*** Dataset records

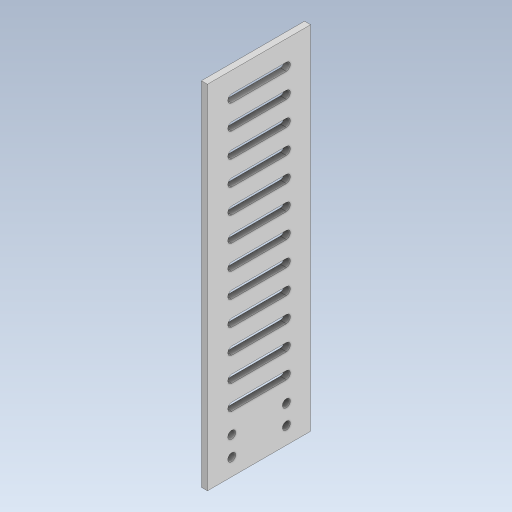
# Autodesk Inventor part: Wall Conyevor Depan
Saved by Autodesk Inventor 2023.5 (Build 275446000, 446)
## iProperties
Created: 2025-10-12
Part Number: Wall Conyevor Depan
Material: Generic
Document SubType Name: Modeling
Designer: Guntur
Density: 1 g/cm^3
Appearance: Default
Author: Guntur
## iProperties of the stored document Wall Conyevor Depan_3DPrint.ipt
Created: 2025-10-20
Part Number: Wall Conyevor Depan_3DPrint
Material: Generic
Document SubType Name: Modeling
Designer: Guntur
Density: 1 g/cm^3
Appearance: Default
Author: Guntur
Autodesk Inventor part; units mm, degrees
ref_plane "YZ Plane" through (0, 0, 0) normal (1, 0, 0) x (0, 1, 0)
ref_plane "XZ Plane" through (0, 0, 0) normal (0, 1, 0) x (-1, 0, 0)
ref_plane "XY Plane" through (0, 0, 0) normal (0, 0, 1) x (1, 0, 0)
sketch "Sketch1" plane through (0, 0, 0) normal (1, 0, 0) x (0, 1, 0)
  circle A0 centre (0, -22.5) radius 1.65
  circle A1 centre (-8, 0) radius 1.65
  circle A2 centre (-8, -22.5) radius 1.65
  line L0 (0, 0) -> (-15, 0)
  line L1 (-15, 0) -> (-15, -22.5)
  line L2 (0, -22.5) -> (0, 0)
  line L3 (-15, -22.5) -> (-15, -32.5)
  line L4 (-15, -32.5) -> (0, -32.5)
  line L5 (0, -32.5) -> (0, -22.5)
  line L6 (0, 0) -> (-15, 0)
  line L7 (-15, 0) -> (-15, 10)
  line L8 (-15, 10) -> (0, 10)
  line L9 (0, 10) -> (0, 0)
  line L10 (0, 10) -> (130, 10)
  line L11 (130, 10) -> (130, -32.5)
  line L12 (130, -32.5) -> (0, -32.5)
  line L13 (0, -32.5) -> (0, 10)
  line L14 (10, 0) -> (10, -22.5) construction
  line L15 (8.35, 0) -> (8.35, -22.5)
  line L16 (11.65, -22.5) -> (11.65, 0)
  arc A3 (11.65, 0) -> (8.35, 0) centre (10, 0) ccw
  arc A4 (8.35, -22.5) -> (11.65, -22.5) centre (10, -22.5) ccw
  line L17 (18.35, 0) -> (18.35, -22.5)
  line L18 (20, 0) -> (20, -22.5) construction
  line L19 (21.65, -22.5) -> (21.65, 0)
  arc A5 (21.65, 0) -> (18.35, 0) centre (20, 0) ccw
  arc A6 (18.35, -22.5) -> (21.65, -22.5) centre (20, -22.5) ccw
  line L20 (28.35, 0) -> (28.35, -22.5)
  line L21 (30, 0) -> (30, -22.5) construction
  line L22 (31.65, -22.5) -> (31.65, 0)
  arc A7 (31.65, 0) -> (28.35, 0) centre (30, 0) ccw
  arc A8 (28.35, -22.5) -> (31.65, -22.5) centre (30, -22.5) ccw
  line L23 (38.35, 0) -> (38.35, -22.5)
  line L24 (40, 0) -> (40, -22.5) construction
  line L25 (41.65, -22.5) -> (41.65, 0)
  arc A9 (41.65, 0) -> (38.35, 0) centre (40, 0) ccw
  arc A10 (38.35, -22.5) -> (41.65, -22.5) centre (40, -22.5) ccw
  line L26 (48.35, 0) -> (48.35, -22.5)
  line L27 (50, 0) -> (50, -22.5) construction
  line L28 (51.65, -22.5) -> (51.65, 0)
  arc A11 (51.65, 0) -> (48.35, 0) centre (50, 0) ccw
  arc A12 (48.35, -22.5) -> (51.65, -22.5) centre (50, -22.5) ccw
  line L29 (58.35, 0) -> (58.35, -22.5)
  line L30 (60, 0) -> (60, -22.5) construction
  line L31 (61.65, -22.5) -> (61.65, 0)
  arc A13 (61.65, 0) -> (58.35, 0) centre (60, 0) ccw
  arc A14 (58.35, -22.5) -> (61.65, -22.5) centre (60, -22.5) ccw
  line L32 (68.35, 0) -> (68.35, -22.5)
  line L33 (70, 0) -> (70, -22.5) construction
  line L34 (71.65, -22.5) -> (71.65, 0)
  arc A15 (71.65, 0) -> (68.35, 0) centre (70, 0) ccw
  arc A16 (68.35, -22.5) -> (71.65, -22.5) centre (70, -22.5) ccw
  line L35 (78.35, 0) -> (78.35, -22.5)
  line L36 (80, 0) -> (80, -22.5) construction
  line L37 (81.65, -22.5) -> (81.65, 0)
  arc A17 (81.65, 0) -> (78.35, 0) centre (80, 0) ccw
  arc A18 (78.35, -22.5) -> (81.65, -22.5) centre (80, -22.5) ccw
  line L38 (88.35, 0) -> (88.35, -22.5)
  line L39 (90, 0) -> (90, -22.5) construction
  line L40 (91.65, -22.5) -> (91.65, 0)
  arc A19 (91.65, 0) -> (88.35, 0) centre (90, 0) ccw
  arc A20 (88.35, -22.5) -> (91.65, -22.5) centre (90, -22.5) ccw
  line L41 (98.35, 0) -> (98.35, -22.5)
  line L42 (100, 0) -> (100, -22.5) construction
  line L43 (101.65, -22.5) -> (101.65, 0)
  arc A21 (101.65, 0) -> (98.35, 0) centre (100, 0) ccw
  arc A22 (98.35, -22.5) -> (101.65, -22.5) centre (100, -22.5) ccw
  line L44 (108.35, 0) -> (108.35, -22.5)
  line L45 (110, 0) -> (110, -22.5) construction
  line L46 (111.65, -22.5) -> (111.65, 0)
  arc A23 (111.65, 0) -> (108.35, 0) centre (110, 0) ccw
  arc A24 (108.35, -22.5) -> (111.65, -22.5) centre (110, -22.5) ccw
  line L47 (118.35, 0) -> (118.35, -22.5)
  line L48 (120, 0) -> (120, -22.5) construction
  line L49 (121.65, -22.5) -> (121.65, 0)
  arc A25 (121.65, 0) -> (118.35, 0) centre (120, 0) ccw
  arc A26 (118.35, -22.5) -> (121.65, -22.5) centre (120, -22.5) ccw
  circle A27 centre (0, 0) radius 1.65
  point P0 (10, -11.25)
  point P1 (20, -11.25)
  point P2 (30, -11.25)
  point P3 (40, -11.25)
  point P4 (50, -11.25)
  point P5 (60, -11.25)
  point P6 (70, -11.25)
  point P7 (80, -11.25)
  point P8 (90, -11.25)
  point P9 (100, -11.25)
  point P10 (110, -11.25)
  point P11 (120, -11.25)
  dimension "d1" = 3.3
  dimension "d3" = 3.3
  dimension "d5" = 3.3
  dimension "d6" = 10
  dimension "d7" = 10
  dimension "d9" = 3.3
  dimension "d13" = 10
  dimension "d20" = 15
  dimension "d22" = 7
  dimension "d23" = 7
  dimension "d24" = 8
  dimension "d25" = 3.3
  dimension "d26" = 8
  dimension "d27" = 8
  constraints: 124 end point, 48 point on circle, 28 centre point, 7 parallel, 4 horizontal, 4 tangent, 3 perpendicular, 3 point on line, 1 coincident, 1 midpoint, 1 vertical, 132 other
  measures "d1" diameter of A0
  measures "d3" diameter of A1
  measures "d5" diameter of A2
  measures "d6" distance of L3.end L3.start
  measures "d7" distance of L6.end L7.end
  measures "d9" diameter of A4
  measures "d13" distance of L15.start L17.start
  measures "d20" distance of L3.end L4.end
  measures "d22" distance from line of A2.centre L1
  measures "d23" distance from line of A1.centre L7
  measures "d24" distance of A1.centre point (0, 0)
  measures "d25" diameter of A27
  measures "d26" distance of A1.centre A27.centre
  measures "d27" distance of A2.centre A0.centre
extrude "Extrusion1" add sketch "Sketch1" along normal blind 2.5 contours A0 L2 A27 L9 L10 L11 L12 L5 | A0 L5 L4 L3 L1 L0 A1 A27 L2 | L0 A1 L7 L8 L9 A27
body "Solid1"

******

Assigned task:
Exactly as written, give the line containing "of L3.end L3.start" and all remaining lines of the records.

Response to this task:
  measures "d6" distance of L3.end L3.start
  measures "d7" distance of L6.end L7.end
  measures "d9" diameter of A4
  measures "d13" distance of L15.start L17.start
  measures "d20" distance of L3.end L4.end
  measures "d22" distance from line of A2.centre L1
  measures "d23" distance from line of A1.centre L7
  measures "d24" distance of A1.centre point (0, 0)
  measures "d25" diameter of A27
  measures "d26" distance of A1.centre A27.centre
  measures "d27" distance of A2.centre A0.centre
extrude "Extrusion1" add sketch "Sketch1" along normal blind 2.5 contours A0 L2 A27 L9 L10 L11 L12 L5 | A0 L5 L4 L3 L1 L0 A1 A27 L2 | L0 A1 L7 L8 L9 A27
body "Solid1"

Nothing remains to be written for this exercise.